**Work instruction:** Copy each line containing the word "Inventor" from the records that follow, please.

----

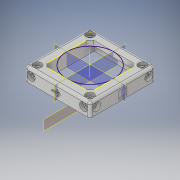
# Autodesk Inventor part: 10_Lid_v0_B
Saved by Autodesk Inventor 2019 (Build 230136000, 136)
## iProperties
Created: 2018-05-19
Part Number: 10_Lid_v0_B
Material: Generisch
Document SubType Name: Modeling
Designer: diederichbenedict
Density: 1 g/cm^3
Appearance: Vorgabe
Author: diederichbenedict
Autodesk Inventor part; units mm, degrees
ref_plane "YZ Plane" through (0, 0, 0) normal (1, 0, 0) x (0, 1, 0)
ref_plane "XZ Plane" through (0, 0, 0) normal (0, 1, 0) x (-1, 0, 0)
sketch "Skizze1" plane through (0, 0, 0) normal (0, 0, 1) x (1, 0, 0)
  line L0 (-3.2746, 3.2746) -> (46.5254, 3.2746)
  line L1 (46.5254, 3.2746) -> (46.5254, -46.5254)
  line L2 (46.5254, -46.5254) -> (-3.2746, -46.5254)
  line L3 (-3.2746, -46.5254) -> (-3.2746, 3.2746)
  line L4 (-3.2746, 3.2746) -> (46.5254, -46.5254) construction
  line L5 (46.5254, 3.2746) -> (-3.2746, -46.5254) construction
  line L6 (6.7254, -3.7254) -> (36.5254, -3.7254)
  line L7 (39.5254, -6.7254) -> (39.5254, -36.5254)
  line L8 (36.5254, -39.5254) -> (6.7254, -39.5254)
  line L9 (3.7254, -36.5254) -> (3.7254, -6.7254)
  line L10 (3.7254, -3.7254) -> (39.5254, -39.5254) construction
  line L11 (39.5254, -3.7254) -> (3.7254, -39.5254) construction
  line L12 (36.5254, -39.5254) -> (39.5254, -36.5254)
  line L13 (6.7254, -39.5254) -> (3.7254, -36.5254)
  line L14 (3.7254, -6.7254) -> (6.7254, -3.7254)
  line L15 (36.5254, -3.7254) -> (39.5254, -6.7254)
  line L16 (6.9985, -0.5594) -> (36.2523, -0.5594) projected
  line L17 (36.2523, -0.5594) -> (36.2523, 3.2746) projected
  line L18 (36.2523, 3.2746) -> (6.9985, 3.2746) projected
  line L19 (6.9985, 3.2746) -> (6.9985, -0.5594) projected
  point P0 (21.6254, -21.6254)
  point P1 (21.6254, -21.6254)
  dimension "d17" = 35.8
  dimension "d18" = 35.8
  dimension "d19" = 3
  dimension "d20" = 3
  dimension "d21" = 3
  dimension "d22" = 3
  dimension "d23" = 3
  dimension "d24" = 3
  dimension "d25" = 3
  dimension "d26" = 3
  constraints: 32 end point, 8 point on line, 5 midpoint, 4 parallel, 2 horizontal, 2 perpendicular
  measures "d17" distance of L10.end L11.end
  measures "d18" distance of L11.start L10.end
  measures "d19" distance of L8.start L10.end
  measures "d20" distance of L7.end L10.end
  measures "d21" distance of L8.end L11.end
  measures "d22" distance of L9.start L11.end
  measures "d23" distance of L9.end L10.start
  measures "d24" distance of L6.start L10.start
  measures "d25" distance of L6.end L11.start
  measures "d26" distance of L7.start L11.start
extrude "Extrusion1" add sketch "Skizze1" along normal blind 10.3
sketch "Skizze2" plane through (0, 0, 10.3) normal (0, 0, 1) x (1, 0, 0)
  arc A0 (41.4389, -3.1137) -> (40.137, -1.8118) centre (41.6254, -1.6254) ccw projected
  arc A1 (40.137, -41.4389) -> (41.4389, -40.137) centre (41.6254, -41.6254) ccw projected
  arc A2 (1.8118, -40.137) -> (3.1137, -41.4389) centre (1.6254, -41.6254) ccw projected
  arc A3 (3.1137, -1.8118) -> (1.8118, -3.1137) centre (1.6254, -1.6254) ccw projected
hole "Bohrung1" at (41.6254, -41.6254, 10.3) at (1.6254, -41.6254, 10.3) at (1.6254, -1.6254, 10.3) at (41.6254, -1.6254, 10.3) direction (0, 0, -1) diameter 3 end through all counterbore diameter 6 counterbore depth 2.5
fillet "Rundung1" radius 2 8 edges at (21.6254, -46.5254, 10.3) (-3.2746, -21.6254, 10.3) (21.6254, 3.2746, 10.3) (46.5254, -21.6254, 10.3) (46.5254, 3.2746, 5.15) (46.5254, -46.5254, 5.15) (-3.2746, -46.5254, 5.15) (-3.2746, 3.2746, 5.15)
sketch "Skizze3" plane through (-1.2746, -46.5254, 0) normal (0, -1, 0) x (1, 0, 0)
  line L0 (45.8, -37.7) -> (43.681, -37.7) construction
  line L1 (45.8, -35.7954) -> (45.8, -37.7) construction
  arc A0 (43.681, -37.7) -> (45.8, -35.7954) centre (42.9, -34.7) ccw projected
  line L2 (42.9, -36) -> (2.9, -36) construction
  line L3 (2.9, -36) -> (2.9, 5.3) construction
  line L4 (2.9, 5.3) -> (42.9, 5.3) construction
  line L5 (42.9, 5.3) -> (42.9, -36) construction
  dimension "d40" = 40
  dimension "d42" = 40
  constraints: 8 end point, 2 parallel, 1 horizontal, 1 perpendicular
  measures "d40" distance of L3.end L4.end
  measures "d42" distance from line of L4 A0.centre
sketch "Skizze4" plane through (0, 0, 10.3) normal (0, 0, 1) x (1, 0, 0)
  line L0 (36.5254, -39.5254) -> (6.7254, -39.5254) projected
  line L1 (39.5254, -6.7254) -> (39.5254, -36.5254) projected
  line L2 (3.7254, -36.5254) -> (3.7254, -6.7254) projected
  circle A0 centre (21.6254, -21.6254) radius 17.9
  point P0 (0, 0)
  constraints: 3 tangent, 1 centre point
ref_plane "Arbeitsebene1" through (3.7254, -5.5842, -33.1) normal (1, 0, 0) x (0, 1, 0)
sketch "Skizze5" plane through (3.7254, -5.5842, -33.1) normal (1, 0, 0) x (0, 1, 0)
  line L0 (-36.1071, 36.3288) -> (-36.1071, 0.4712) construction
  line L1 (-36.1071, 0.4712) -> (-33.9699, -1.666) construction
  line L2 (-33.9699, -1.666) -> (1.8877, -1.666) construction
  line L3 (1.8877, -1.666) -> (4.0249, 0.4712) construction
  line L4 (4.0249, 0.4712) -> (4.0249, 36.3288) construction
  line L5 (4.0249, 36.3288) -> (1.8877, 38.466) construction
  line L6 (1.8877, 38.466) -> (-33.9699, 38.466) construction
  line L7 (-33.9699, 38.466) -> (-36.1071, 36.3288) construction
  circle A0 centre (-1.0412, 3.4) radius 3.2639 construction
  circle A1 centre (-31.0411, 3.4) radius 3.2639 construction
  circle A2 centre (-1.0412, 33.4) radius 3.2639 construction
  circle A3 centre (-31.0411, 33.4) radius 3.2639 construction
  circle A4 centre (-16.0411, 18.4) radius 13.3985 construction
  line L8 (-34.3841, -2.666) -> (-37.1071, 0.057)
  line L9 (-37.1071, 0.057) -> (-37.1071, 36.743)
  line L10 (-37.1071, 36.743) -> (-34.3841, 39.466)
  line L11 (-34.3841, 39.466) -> (2.3019, 39.466)
  line L12 (2.3019, 39.466) -> (5.0249, 36.743)
  line L13 (5.0249, 36.743) -> (5.0249, 0.057)
  line L14 (5.0249, 0.057) -> (2.3019, -2.666)
  line L15 (2.3019, -2.666) -> (-34.3841, -2.666)
  point P0 (5.5842, 33.1)
  dimension "d27" = 1
  constraints: 16 end point, 7 other
  measures "d27" distance between parallel lines of L1 L8
ref_plane "Arbeitsebene2" through (39.5254, -37.6665, -43) normal (-1, 0, 0) x (0, 0, 1)
extrude "Extrusion3" cut sketch "Skizze5" along normal up to surface (35.8 mm away)
hole "Bohrung2" at (41.6254, -46.5254, 5.3) at (1.6254, -46.5254, 5.3) direction (0, 1, 0) diameter 3.2 depth 15 tip angle 118 counterbore diameter 6.2 counterbore depth 2.5
pattern_circular "Runde Anordnung2" count 4 over 360 about axis through (21.6254, -21.6254, 10.3) along (0, 0, 1) of "Bohrung2"
sketch "Sketch6" plane through (46.5254, -44.5254, 0) normal (1, 0, 0) x (0, 0, -1)
  arc A0 (-8.3, 42.119) -> (-4.2046, 45.8) centre (-5.3, 42.9) ccw projected
  line L0 (-8.3, 3.681) -> (-8.3, 42.119) projected
  arc A1 (-4.2046, 0) -> (-8.3, 3.681) centre (-5.3, 2.9) ccw projected
  line L1 (0, 0) -> (-4.2046, 0) projected
  line L2 (0, 45.8) -> (0, 0) projected
  line L3 (-4.2046, 45.8) -> (0, 45.8) projected
  line L4 (-1.2046, 25.9) -> (-7.2046, 25.9)
  line L5 (-7.2046, 25.9) -> (-7.2046, 19.9)
  line L6 (-1.2046, 19.9) -> (-1.2046, 25.9)
  line L7 (-8.3, 22.9) -> (0, 22.9) construction
  line L8 (-4.2046, 22.9) -> (-4.2046, 45.8) construction
  line L9 (-4.2046, 22.9) -> (-4.2046, 0) construction
  line L10 (-1.2046, 19.9) -> (-7.2046, 19.9)
  point P0 (0, 44.5254)
  dimension "d49" = 6
  dimension "d50" = 6
  constraints: 14 end point, 2 midpoint, 2 parallel, 2 perpendicular, 1 horizontal, 1 point on line, 2 other
  measures "d49" distance of L5.start L5.end
  measures "d50" distance of L6.end L5.start
extrude "Extrusion4" cut sketch "Sketch6" against normal blind 1 contours L6 L10 L5 L4
ref_plane "Work Plane3" through (21.6254, -21.6254, 10.3) normal (-1, 0, 0) x (0, 0, 1)
mirror "Mirror1" about plane through (21.6254, -21.6254, 10.3) normal (-1, 0, 0) of "Extrusion4"
sketch "Sketch8" plane through (-1.2746, -46.5254, 0) normal (0, -1, 0) x (1, 0, 0)
  line L0 (22.234, 6.3594) -> (23.7514, 4.842)
  line L1 (25.6112, 4.2046) -> (22.9019, 1.4953)
  line L2 (22.234, 2.1632) -> (23.638, 3.5671)
  line L3 (23.7514, 4.842) -> (18.7736, 4.842)
  line L4 (18.7736, 3.5671) -> (23.638, 3.5671)
  line L5 (18.7736, 4.842) -> (18.7736, 3.5671)
  line L6 (22.9019, 1.4953) -> (22.234, 2.1632)
  line L7 (25.6112, 4.2046) -> (22.8452, 6.9705)
  line L8 (22.8452, 6.9705) -> (22.234, 6.3594)
  arc A0 (42.119, 8.3) -> (45.8, 4.2046) centre (42.9, 5.3) ccw projected
  line L9 (3.681, 8.3) -> (42.119, 8.3) projected
  arc A1 (0, 4.2046) -> (3.681, 8.3) centre (2.9, 5.3) ccw projected
  line L10 (0, 0) -> (0, 4.2046) projected
  line L11 (45.8, 0) -> (0, 0) projected
  line L12 (45.8, 4.2046) -> (45.8, 0) projected
  line L13 (22.9, 8.3) -> (22.9, 0) construction
  line L14 (5, 0) -> (40.8, 0) construction
  line L15 (45.8, 0) -> (45.8, 4.2046) construction
  line L16 (0, 4.2046) -> (45.8, 4.2046) construction
  point P0 (1.2746, 0)
  point P1 (21.3799, 4.0952)
  constraints: 22 end point, 5 perpendicular, 2 midpoint, 1 horizontal, 1 parallel, 1 point on line
ref_plane "Work Plane4" through (21.6254, -21.6254, 10.3) normal (0, 1, 0) x (0, 0, 1)
extrude "Extrusion5" cut sketch "Sketch8" against normal blind 1 contours L8 L7 L1 L6 L2 L4 L5 L3 L0
mirror "Mirror2" about plane through (21.6254, -21.6254, 10.3) normal (0, 1, 0) of "Extrusion5"
equation "\"d20\" = d19"
equation "\"d21\" = d19"
equation "\"d22\" = d21"
equation "\"d23\" = d19"
equation "\"d24\" = d23"
equation "\"d25\" = d19"
equation "\"d26\" = d25"
equation "\"d50\" = d49"

----

**Task answer:**
# Autodesk Inventor part: 10_Lid_v0_B
Saved by Autodesk Inventor 2019 (Build 230136000, 136)
Autodesk Inventor part; units mm, degrees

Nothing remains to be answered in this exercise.